Filter the data for "AGND" and copy matching lines.

→ Source records:

[Start of Attachment]

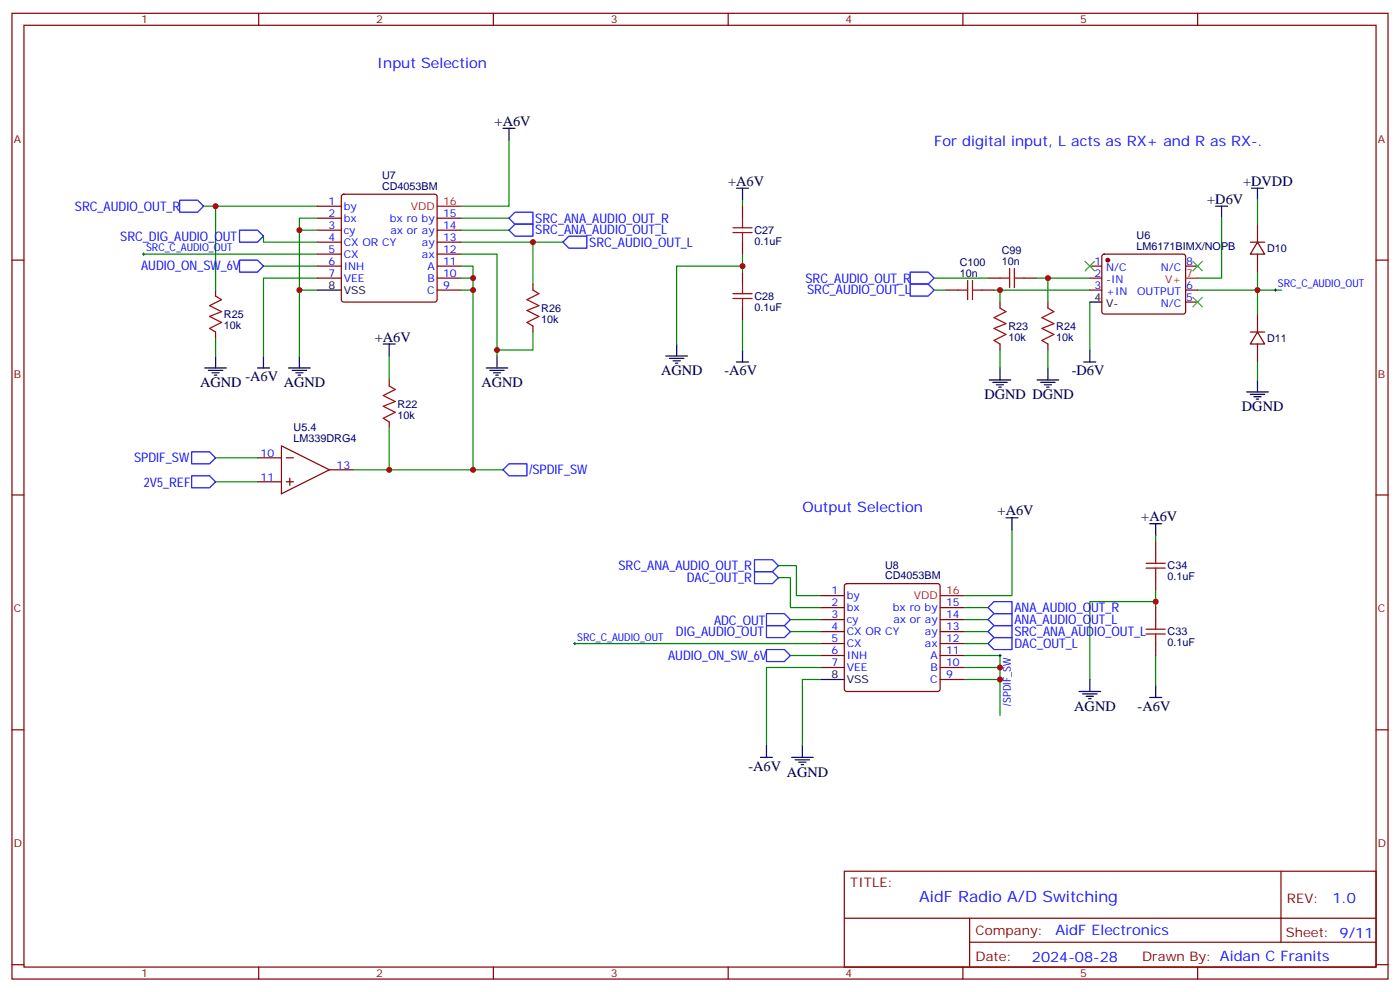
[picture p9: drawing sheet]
<svg xmlns="http://www.w3.org/2000/svg" width="412mm" height="292mm" viewBox="0 0 412 292" stroke-linecap="round" stroke-linejoin="round" font-family="sans-serif">
<g fill="none" stroke="#870000" stroke-width=".35">
<path d="M3.5 3.9h405.4v284.4h-405.4zM7.1 7.4h398.2v277.3h-398.2zM76.2 3.9v3.5M145.3 3.9v3.5M214.5 3.9v3.5M283.6 3.9v3.5M352.8 3.9v3.5M100.8 57.4l.4-.2h26.9l.5 .2 .2 .5v30.3l-.3 .5-.4 .2h-26.9l-.5-.2-.2-.5v-30.3zM3.5 76.6h3.6M93.5 64.2h7M93.5 67.8h7M93.5 71.3h7"/>
<path d="M93.5 74.8h7M93.5 78.4h7M93.5 60.7h7M128.8 64.2h7M128.8 67.8h7M128.8 71.3h7M128.8 74.8h7M128.8 78.4h7M218.7 60.7v3.5M218.7 71.3v3.5M321 78.4h3.6M324.8 75l.5-.2h23.2l.5 .2 .2 .5v16.5l-.7 .5-23.5-.1-.4-.6v-16.3z"/>
<path d="M349.2 78.4h3.6M368.3 71.3h4.2M370.4 71.3l2.1 3.5h-4.2zM370.4 66v5.3M370.4 74.8v5.3M405.3 76.6h3.6M63.5 85.4v1.8M63.5 97.8v1.7M93.5 81.9h7M128.8 81.9h7M128.8 85.4h7M157 83.6v1.8"/>
<path d="M157 96v1.8M218.7 80.1v3.5M218.7 90.7v3.5M278.7 85.4h3.5M289.3 85.4h3.5M291 81.9h3.6M294.6 88.9v1.8M301.6 81.9h3.6M308.7 88.9v1.8M321 81.9h3.6M321 85.4h3.6M349.2 85.4h3.6"/>
<path d="M349.2 88.9h3.6M368.3 97.8h4.2M370.4 97.8l2.1 3.5h-4.2zM370.4 92.5v5.3M114.7 111.9v1.7M294.6 101.3v1.7M308.7 101.3v1.7M370.4 101.3v5.3M75.8 134.8h7.1M82.9 131.3l14.1 7-14.1 7.1zM84.3 134.8h2.1M97 138.3h7.1"/>
<path d="M114.7 124.2v1.8M3.5 145.7h3.6M75.8 141.9h7.1M84.3 141.9h2.1M85.4 140.8v2.1M340.4 159.5v3.5M405.3 145.7h3.6M241.7 178.9h7M241.7 175.4h7M248.9 172l.5-.2h26.8l.5 .2 .2 .5v30.4l-.2 .5-.5 .2h-26.8l-.5-.2-.2-.5v-30.4zM276.9 178.9h7.1M340.4 170.1v3.5"/>
<path d="M340.4 178.9v3.5M241.7 182.4h7M241.7 185.9h7M241.7 189.5h7M241.7 193h7M241.7 196.5h7M276.9 182.4h7.1M276.9 185.9h7.1M276.9 189.5h7.1M276.9 193h7.1M276.9 196.5h7.1M340.4 189.5v3.5"/>
<path d="M3.5 214.9h3.6M276.9 200.1h7.1M405.3 214.9h3.6M248.7 256.5h156.6v28.2h-156.6zM377.3 256.5v20.9M248.7 270.4h156.5M285.6 277.4h119.6M285.6 270.4v14.1M3.5 284h3.6M76.2 284.7v3.6M145.3 284.7v3.6M214.5 284.7v3.6"/>
<path d="M283.6 284.7v3.6M352.8 284.7v3.6M405.3 284h3.6"/>
</g>
<g fill="none" stroke="#000" stroke-width=".35">
<path d="M148.2 37.8h3.5M149.9 37.8v3.5M217 55.4h3.5M218.7 55.4v3.5M368.7 55.4h3.5M370.4 55.4v3.5M358.1 60.7h3.5M359.8 60.7v3.5M93.5 85.4h7M321 88.9h3.6M60.3 108.3h6.4M61.4 109h4.2"/>
<path d="M62.4 109.7h2.2M63.1 110.5h.8M63.5 104.8v3.5M75.8 108.3h3.6M77.6 104.8v3.5M85 108.3h6.4M86.1 109h4.2M87.1 109.7h2.2M87.8 110.5h.7M88.2 104.8v3.5M112.9 101.3h3.5M114.7 101.3v3.5"/>
<path d="M143.2 108.3h6.4M144.3 109h4.2M145.3 109.7h2.2M146 110.5h.8M146.4 104.8v3.5M196.1 104.8h6.4M197.2 105.5h4.2M198.3 106.2h2.1M199 106.9h.7M199.3 101.3v3.5M217 106.6h3.5M218.7 103v3.6"/>
<path d="M291.4 111.9h6.3M292.5 112.6h4.2M293.5 113.3h2.1M294.2 114h.7M294.6 108.3v3.6M305.5 111.9h6.4M306.6 112.6h4.2M307.6 113.3h2.1M308.3 114h.7M308.7 108.3v3.6M319.3 106.6h3.5M321 103v3.6"/>
<path d="M367.2 115.4h6.4M368.3 116.1h4.2M369.4 116.8h2.1M370.1 117.5h.7M370.4 111.9v3.5M296.3 152.4h3.6M298.1 152.4v3.6M338.7 154.2h3.5M340.4 154.2v3.5M225.8 219.5v3.5M236.4 219.5v3.5M241.7 200.1h7"/>
<path d="M317.9 203.6h6.3M318.9 204.3h4.2M320 205h2.1M320.7 205.7h.7M321 200.1v3.5M338.7 205.4h3.5M340.4 201.8v3.6M224 223h3.5M233.2 223h6.3M234.2 223.7h4.3M235.3 224.4h2.1M236 225.1h.7"/>
</g>
<g fill="none" stroke="#008700" stroke-width=".35">
<path d="M149.9 41.3v19.4h-14.1M218.7 58.9v1.8M370.4 58.9v7.1M42.3 74.8h51.2M60 60.7h33.5M63.5 60.7v24.7M77.6 69.5v1.8h15.9M77.6 78.4h15.9M88.2 67.8h5.3M93.5 64.2h-5.3v21.2M135.8 74.8h10.6v30M135.8 78.4h3.5v59.9h-24.6"/>
<path d="M135.8 67.8h14.1M135.8 64.2h14.1M135.8 71.3h30M157 71.3v12.3M218.7 78.4h-19.4v22.9M218.7 74.8v5.3M359.8 64.2v17.7h-7M63.5 99.5v5.3M93.5 81.9h-15.9v22.9M93.5 85.4h-5.3v19.4M135.8 81.9h3.5M135.8 85.4h3.5"/>
<path d="M157 97.8v5.2h-10.6M218.7 94.2v8.8M275.2 81.9h15.8M275.2 85.4h3.5M292.8 85.4h28.2M294.6 85.4v3.5M305.2 81.9h15.8M308.7 81.9v7M321 88.9v14.1M352.8 85.4h24.7M370.4 80.1v12.4M114.7 104.8v7.1"/>
<path d="M294.6 103v5.3M308.7 103v5.3M370.4 106.6v5.3M63.5 134.8h12.3M114.7 126v12.3h-10.6M139.3 138.3h8.9M63.5 141.9h12.3M298.1 156v19.4h-14.1M340.4 157.7v1.8M229.3 170.1h3.5v8.8h8.9M229.3 166.5h5.3v8.9h7.1M284 178.9h7"/>
<path d="M340.4 177.1h-19.4v23M340.4 173.6v5.3M169.3 189.5h72.4M232.8 182.4h8.9M232.8 185.9h8.9M232.8 193h8.9M241.7 196.5h-15.9v23M284 193h10.6v17.6M284 196.5h10.6M284 182.4h7M284 189.5h7M284 185.9h7"/>
<path d="M340.4 193v8.8M241.7 200.1h-5.3v19.4M284 200.1h10.6"/>
</g>
<g fill="none" stroke="#a10000" stroke-width=".35">
<path d="M215.9 67.1h5.6M215.9 68.5h5.6M218.7 64.2v2.9M218.7 68.5v2.8M297.4 79.1v5.6M298.8 79.1v5.6M63.5 87.2l1.8 1-3.6 1.8 3.6 1.8-3.6 1.4 3.6 1.7-3.6 1.8 1.8 1.1M157 85.4l1.7 1.1-3.5 1.7 3.5 1.8-3.5 1.4 3.5 1.8-3.5 1.7 1.8 1.1M215.9 86.5h5.6M215.9 87.9h5.6M218.7 83.6v2.9M218.7 87.9v2.8"/>
<path d="M282.2 85.4h2.8M285 82.6v5.6M286.5 82.6v5.6M286.5 85.4h2.8M294.6 90.7l1.7 1.1-3.5 1.7 3.5 1.8-3.5 1.4 3.5 1.8-3.5 1.7 1.8 1.1M294.6 81.9h2.8M298.8 81.9h2.8M308.7 90.7l1.7 1.1-3.5 1.7 3.5 1.8-3.5 1.4 3.5 1.8-3.5 1.7 1.8 1.1M114.7 113.6l1.7 1.1-3.5 1.8 3.5 1.7-3.5 1.4 3.5 1.8-3.5 1.8 1.8 1M337.6 165.8h5.7M337.6 167.3h5.7M340.4 163v2.8"/>
<path d="M340.4 167.3v2.8M337.6 185.2h5.7M337.6 186.7h5.7M340.4 182.4v2.8M340.4 186.7v2.8"/>
</g>
<g fill="none" stroke="#00f" stroke-width=".35">
<path d="M52.9 58.9h5.3l1.8 1.8-1.8 1.8h-5.3zM70.6 67.8h5.2l1.8 1.7-1.8 1.8h-5.2zM70.6 76.6h5.2l1.8 1.8-1.8 1.7h-5.2zM149.9 67.8l1.8-1.8h5.3v3.5h-5.3zM151.7 62.5h5.3v3.5h-5.3l-1.8-1.8zM165.8 71.3l1.8-1.8h5.3v3.6h-5.3zM268.1 80.1h5.3l1.8 1.8-1.8 1.7h-5.3zM268.1 83.6h5.3l1.8 1.8-1.8 1.8h-5.3zM56.4 133h5.3l1.8 1.8-1.8 1.8h-5.3zM149.9 136.6h5.3v3.5h-5.3l-1.7-1.8zM56.4 140.1h5.3l1.8 1.8-1.8 1.7h-5.3zM222.2 168.3h5.3l1.8 1.8-1.8 1.7h-5.3z"/>
<path d="M222.2 164.8h5.3l1.8 1.7-1.8 1.8h-5.3zM291 178.9l1.8-1.8h5.3v3.6h-5.3zM225.8 180.7h5.3l1.7 1.7-1.7 1.8h-5.3zM225.8 184.2h5.3l1.7 1.7-1.7 1.8h-5.3zM225.8 191.2h5.3l1.7 1.8-1.7 1.8h-5.3zM291 189.5l1.8-1.8h5.3v3.5h-5.3zM291 185.9l1.8-1.7h5.3v3.5h-5.3zM291 182.4l1.8-1.7h5.3v3.5h-5.3z"/>
</g>
<path d="M128.8 60.7h7M349.2 81.9h3.6M276.9 175.4h7.1" fill="none" stroke="#f00" stroke-width=".35"/>
<path d="M42 74.8h.7M42.3 74.5v.7M375.4 85.4h.7M375.7 85.1v.7M169 189.5h.7M169.3 189.1v.7M294.2 193h.7M294.6 192.7v.7" fill="none" stroke="#000" stroke-width=".29"/>
<circle cx="326.3" cy="76.6" r=".53" fill="#870000" stroke="#870000" stroke-width=".35"/>
<path d="M319.6 76.9l2.8 2.9M322.4 76.9l-2.8 2.9M351.4 76.9l2.8 2.9M354.2 76.9l-2.8 2.9M351.4 87.5l2.8 2.8M354.2 87.5l-2.8 2.8" fill="none" stroke="#3c3" stroke-width=".35"/>
<g fill="#c00">
<circle cx="218.7" cy="78.4" r=".88"/>
<circle cx="88.2" cy="67.8" r=".88"/>
<circle cx="114.7" cy="138.3" r=".88"/>
<circle cx="139.3" cy="81.9" r=".88"/>
<circle cx="139.3" cy="85.4" r=".88"/>
<circle cx="63.5" cy="60.7" r=".88"/>
<circle cx="157" cy="71.3" r=".88"/>
<circle cx="146.4" cy="103" r=".88"/>
<circle cx="340.4" cy="177.1" r=".88"/>
<circle cx="294.6" cy="196.5" r=".88"/>
<circle cx="294.6" cy="200.1" r=".88"/>
<circle cx="139.3" cy="138.3" r=".88"/>
<circle cx="88.2" cy="85.4" r=".88"/>
<circle cx="294.6" cy="85.4" r=".88"/>
<circle cx="308.7" cy="81.9" r=".88"/>
<circle cx="370.4" cy="85.4" r=".88"/>
</g>
<text font-size="4.6" fill="#00f" x="270.8" y="265.5">AidF Radio A/D Switching</text>
<g font-size="4.2" fill="#00f">
<text x="111.1" y="20.1">Input Selection</text>
<text x="275.2" y="43.1">For digital input, L acts as RX+ and R as RX-.</text>
<text x="236.4" y="150.7">Output Selection</text>
<text x="392.5" y="265.8">1.0</text>
<text x="310.9" y="275.3">AidF Electronics</text>
<text x="304" y="283.1">2024-08-28</text>
</g>
<g font-size="4.2">
<text x="145.7" y="37.1">+A6V</text>
<text x="214.5" y="54.7">+A6V</text>
<text x="366.2" y="54.7">+DVDD</text>
<text x="355.6" y="60">+D6V</text>
<text x="110.4" y="100.6">+A6V</text>
<text x="58.9" y="114">AGND</text>
<text x="72.3" y="112.3">-A6V</text>
<text x="83.6" y="114">AGND</text>
<text x="141.8" y="114">AGND</text>
<text x="194.7" y="110.5">AGND</text>
<text x="213.4" y="110.5">-A6V</text>
<text x="315.7" y="110.5">-D6V</text>
<text x="290" y="117.5">DGND DGND</text>
<text x="365.8" y="121">DGND</text>
<text x="293.9" y="151.7">+A6V</text>
<text x="336.2" y="153.5">+A6V</text>
<text x="316.4" y="209.2">AGND</text>
<text x="335.1" y="209.3">-A6V</text>
<text x="220.5" y="226.9">-A6V</text>
<text x="231.8" y="228.6">AGND</text>
</g>
<g font-size="3.9" fill="#00f">
<text x="22.1" y="62.1">SRC_AUDIO_OUT_R</text>
<text x="157.7" y="65.6">SRC_ANA_AUDIO_OUT_R</text>
<text x="35.4" y="70.9">SRC_DIG_AUDIO_OUT</text>
<text x="157.7" y="69">SRC_ANA_AUDIO_OUT_L</text>
<text x="173.6" y="72.6">SRC_AUDIO_OUT_L</text>
<text x="41.6" y="79.6">AUDIO_ON_SW_6V</text>
<text x="237.2" y="83.3">SRC_AUDIO_OUT_R</text>
<text x="237.7" y="86.7">SRC_AUDIO_OUT_L</text>
<text x="39.5" y="136.1">SPDIF_SW</text>
<text x="42.4" y="143.4">2V5_REF</text>
<text x="155.9" y="139.6">/SPDIF_SW</text>
<text x="182.2" y="167.9">SRC_ANA_AUDIO_OUT_R</text>
<text x="202.3" y="171.4">DAC_OUT_R</text>
<text x="210.3" y="183.9">ADC_OUT</text>
<text x="298.8" y="183.7">ANA_AUDIO_OUT_L</text>
<text x="298.8" y="180.2">ANA_AUDIO_OUT_R</text>
<text x="199.1" y="187.3">DIG_AUDIO_OUT</text>
<text x="298.8" y="187.1">SRC_ANA_AUDIO_OUT_L</text>
<text x="298.8" y="190.8">DAC_OUT_L</text>
<text x="196.8" y="194.3">AUDIO_ON_SW_6V</text>
</g>
<g font-size="3.9" fill="#800">
<text x="250.5" y="261.1">TITLE:</text>
<text x="379.1" y="265.8">REV:</text>
<text x="287.4" y="275.3">Company:</text>
<text x="378.7" y="275.9">Sheet: 9/11</text>
<text x="287.4" y="283">Date:</text>
<text x="336.4" y="283.1">Drawn By: Aidan C Franits</text>
</g>
<g font-size="3.2" fill="#800">
<text x="41.6" y="6.9">1</text>
<text x="110.8" y="6.9">2</text>
<text x="179.9" y="6.9">3</text>
<text x="249.1" y="6.9">4</text>
<text x="318.2" y="6.9">5</text>
<text x="4.1" y="42">A</text>
<text x="405.9" y="42">A</text>
<text x="4.1" y="111.2">B</text>
<text x="405.9" y="111.2">B</text>
<text x="4.1" y="180.3">C</text>
<text x="405.9" y="180.3">C</text>
<text x="4.1" y="249.4">D</text>
<text x="405.9" y="249.4">D</text>
<text x="41.6" y="287.7">1</text>
<text x="110.8" y="287.7">2</text>
<text x="179.9" y="287.7">3</text>
<text x="249.1" y="287.7">4</text>
<text x="318.2" y="287.7">5</text>
</g>
<g font-size="3.2" fill="#000080">
<text x="112.5" y="52.8">U7</text>
<text x="112.5" y="56">CD4053BM</text>
<text x="222.2" y="68.9">C27</text>
<text x="334.8" y="70.3">U6</text>
<text x="222.2" y="72.1">0.1uF</text>
<text x="295.1" y="78">10n</text>
<text x="295.1" y="74.7">C99</text>
<text x="334.8" y="73.5">LM6171BIMX/NOPB</text>
<text x="373.2" y="74.2">D10</text>
<text x="282.7" y="81.5">10n</text>
<text x="282.7" y="78.3">C100</text>
<text x="222.2" y="88.3">C28</text>
<text x="66" y="93.6">R25</text>
<text x="159.5" y="95.1">10k</text>
<text x="159.5" y="91.8">R26</text>
<text x="222.2" y="91.5">0.1uF</text>
<text x="66" y="96.8">10k</text>
<text x="297" y="100.4">10k</text>
<text x="297" y="97.1">R23</text>
<text x="311.1" y="100.4">10k</text>
<text x="311.1" y="97.1">R24</text>
<text x="373.2" y="100.7">D11</text>
<text x="117.1" y="123.3">10k</text>
<text x="117.1" y="120">R22</text>
<text x="86.5" y="130.1">LM339DRG4</text>
<text x="86.5" y="126.8">U5.4</text>
<text x="260.7" y="167.4">U8</text>
<text x="344" y="167.7">C34</text>
<text x="260.7" y="170.6">CD4053BM</text>
<text x="344" y="170.9">0.1uF</text>
<text x="344" y="190.3">0.1uF</text>
<text x="344" y="187.1">C33</text>
</g>
<g font-size="3.2" fill="#00f">
<text x="96.8" y="63.9">2</text>
<text x="96.8" y="60.4">1</text>
<text x="101.2" y="65.3">bx</text>
<text x="101.2" y="61.8">by</text>
<text x="114.8" y="65.3">bx ro by</text>
<text x="130.5" y="63.9">15</text>
<text x="96.8" y="70.9">4</text>
<text x="96.8" y="67.4">3</text>
<text x="101.2" y="68.8">cy</text>
<text x="115" y="68.8">ax or ay</text>
<text x="130.5" y="67.4">14</text>
<text x="130.5" y="70.9">13</text>
<text x="43" y="73.9">SRC_C_AUDIO_OUT</text>
<text x="96.8" y="78">6</text>
<text x="96.8" y="74.5">5</text>
<text x="101.2" y="75.9">CX</text>
<text x="101.2" y="72.4">CX OR CY</text>
<text x="124.3" y="72.4">ay</text>
<text x="124.3" y="75.9">ax</text>
<text x="130.5" y="74.5">12</text>
<text x="130.5" y="78">11</text>
<text x="322.4" y="78">1</text>
<text x="349.4" y="78">8</text>
<text x="96.8" y="81.5">7</text>
<text x="101.2" y="82.9">VEE</text>
<text x="101.2" y="79.4">INH</text>
<text x="125.9" y="82.9">B</text>
<text x="125.9" y="79.4">A</text>
<text x="130.5" y="81.5">10</text>
<text x="322.4" y="81.5">2</text>
<text x="325.9" y="79.8">N/C</text>
<text x="325.9" y="83.3">-IN</text>
<text x="341.9" y="79.8">N/C</text>
<text x="125.8" y="86.5">C</text>
<text x="130.5" y="85.1">9</text>
<text x="322.4" y="85.1">3</text>
<text x="325.9" y="86.8">+IN</text>
<text x="335" y="86.8">OUTPUT</text>
<text x="349.4" y="88.6">5</text>
<text x="349.4" y="85.1">6</text>
<text x="376.4" y="84.5">SRC_C_AUDIO_OUT</text>
<text x="341.9" y="90.3">N/C</text>
<text x="76.8" y="134.4">10</text>
<text x="99.1" y="138">13</text>
<text x="76.8" y="141.5">11</text>
<text x="244.9" y="178.5">2</text>
<text x="244.9" y="175">1</text>
<text x="249.4" y="180">bx</text>
<text x="249.4" y="176.4">by</text>
<text x="263" y="180">bx ro by</text>
<text x="278.7" y="178.5">15</text>
<text x="244.9" y="185.6">4</text>
<text x="244.9" y="182.1">3</text>
<text x="249.4" y="183.5">cy</text>
<text x="263.2" y="183.5">ax or ay</text>
<text x="278.7" y="182.1">14</text>
<text x="278.7" y="185.6">13</text>
<text x="170" y="188.6">SRC_C_AUDIO_OUT</text>
<text x="244.9" y="189.1">5</text>
<text x="249.4" y="190.5">CX</text>
<text x="249.4" y="187">CX OR CY</text>
<text x="272.4" y="187">ay</text>
<text x="272.4" y="190.5">ax</text>
<text x="278.7" y="189.1">12</text>
<text x="244.9" y="196.2">7</text>
<text x="244.9" y="192.7">6</text>
<text x="249.4" y="197.6">VEE</text>
<text x="249.4" y="194.1">INH</text>
<text x="274.1" y="197.6">B</text>
<text x="274.1" y="194.1">A</text>
<text x="278.7" y="192.7">11</text>
<text x="278.7" y="196.2">10</text>
<text x="274" y="201.1">C</text>
<text x="278.7" y="199.7">9</text>
<text x="297.8" y="207.7" transform="rotate(-90 297.8 207.7)">/SPDIF_SW</text>
</g>
<g font-size="3.2" fill="#f00">
<text x="121" y="61.8">VDD</text>
<text x="130.5" y="60.4">16</text>
<text x="343.2" y="83.3">V+</text>
<text x="349.4" y="81.5">7</text>
<text x="269.2" y="176.4">VDD</text>
<text x="278.7" y="175">16</text>
</g>
<g font-size="3.2">
<text x="96.8" y="85.1">8</text>
<text x="101.2" y="86.5">VSS</text>
<text x="322.4" y="88.6">4</text>
<text x="325.9" y="90.3">V-</text>
<text x="244.9" y="199.7">8</text>
<text x="249.4" y="201.1">VSS</text>
</g>
</svg>

[End of Attachment]

→ Written answer:
<text x="58.9" y="114">AGND</text>
<text x="83.6" y="114">AGND</text>
<text x="141.8" y="114">AGND</text>
<text x="194.7" y="110.5">AGND</text>
<text x="316.4" y="209.2">AGND</text>
<text x="231.8" y="228.6">AGND</text>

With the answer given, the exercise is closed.